RECORDS FOR THE EXERCISE —

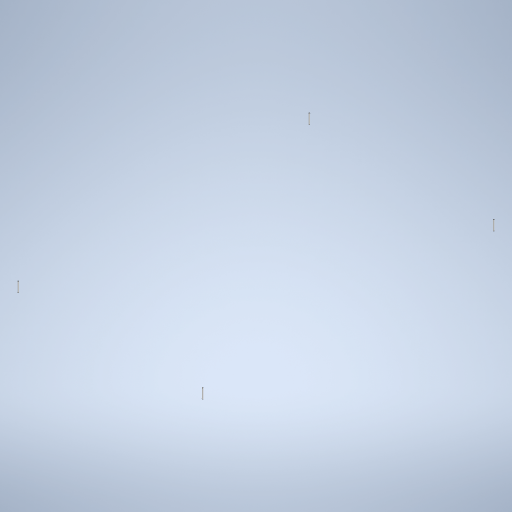
# Autodesk Inventor part: Legs
Saved by Autodesk Inventor 2024 (Build 280153000, 153)
## iProperties
Created: 2023-03-05
Part Number: Legs
Material: Generic
Document SubType Name: Modeling
Designer: sauliusd
Density: 1 g/cm^3
Appearance: Default
Author: sauliusd
Autodesk Inventor part; units mm, degrees
ref_plane "YZ Plane" through (0, 0, 0) normal (1, 0, 0) x (0, 1, 0)
ref_plane "XZ Plane" through (0, 0, 0) normal (0, 1, 0) x (-1, 0, 0)
ref_plane "XY Plane" through (0, 0, 0) normal (0, 0, 1) x (1, 0, 0)
sketch "Sketch1" plane through (0, 0, 0) normal (0, 0, 1) x (1, 0, 0)
  line L0 (-200, -150) -> (200, -150)
  line L1 (200, -150) -> (200, 150)
  line L2 (200, 150) -> (-200, 150)
  line L3 (-200, 150) -> (-200, -150)
  line L4 (-200, -150) -> (200, 150) construction
  line L5 (200, -150) -> (-200, 150) construction
  line L6 (-150, -100) -> (150, -100)
  line L7 (150, -100) -> (150, 90)
  line L8 (150, 90) -> (-150, 90)
  line L9 (-150, 90) -> (-150, -100)
  line L10 (-150, -100) -> (150, 90) construction
  line L11 (150, -100) -> (-150, 90) construction
  circle A0 centre (-150, -100) radius 0.5
  circle A1 centre (-150, 90) radius 0.5
  point P0 (0, 0)
  point P1 (0, -5)
  point P2 (0, -5)
  point P3 (0, -5)
  dimension "Length" = 400
  dimension "Width" = 300
  dimension "d3" = 145
  dimension "d4" = 300
  dimension "d5" = 190
  dimension "d7" = 200
  dimension "d8" = 1
  dimension "d9" = 1
  constraints: 24 end point, 6 midpoint, 4 parallel, 2 centre point, 2 coincident, 2 horizontal, 2 perpendicular
  measures "Length" distance of L2.end L1.end
  measures "Width" distance of L1.end L0.end
  measures "d3" distance from line of L0 point (0, -5)
  measures "d4" distance of L7.end L8.end
  measures "d5" distance of L8.end L6.start
  measures "d7" distance from line of L1 point (0, -5)
  measures "d8" diameter of A0
  measures "d9" diameter of A1
extrude "Extrusion1" add sketch "Sketch1" along normal blind 10 contours L9 A0 L6 | L6 A0 L9
extrude "Extrusion2" add sketch "Sketch1" along normal blind 10 separate body contours A1 L8 L9 | L9 L8 A1
pattern_linear "Rectangular Pattern2" count 2 spacing 300 along (1, 0, 0) of "Extrusion2" bodies 2
pattern_linear "Rectangular Pattern1" count 2 spacing 300 along (1, 0, 0) bodies 1
equation "\"d3\" = Y_Coord"
equation "\"d4\" = LX"
equation "\"d5\" = LY"
equation "\"d7\" = X_Coord"
equation "\"d19\" = LX"
equation "\"X_Coord\" = 0.5 * Length + 0.5 * Shift_X"
equation "\"Y_Coord\" = 0.5 * Width + 0.5 * Shift_Y"
equation "\"Shift_X\" = 0"
equation "\"LX\" = -2 * Margins_X + Length - Shift_X"
equation "\"LY\" = 190"
equation "\"Shift_Y\" = -10"
equation "\"Margins_X\" = 50"
body "Solid1"
body "Solid2"

TASK DETAILS —
Everything from the line containing "-2 * Margins_X" through the final line above must be copied exactly, with both ends kept.

ANSWER SPACE —
equation "\"LX\" = -2 * Margins_X + Length - Shift_X"
equation "\"LY\" = 190"
equation "\"Shift_Y\" = -10"
equation "\"Margins_X\" = 50"
body "Solid1"
body "Solid2"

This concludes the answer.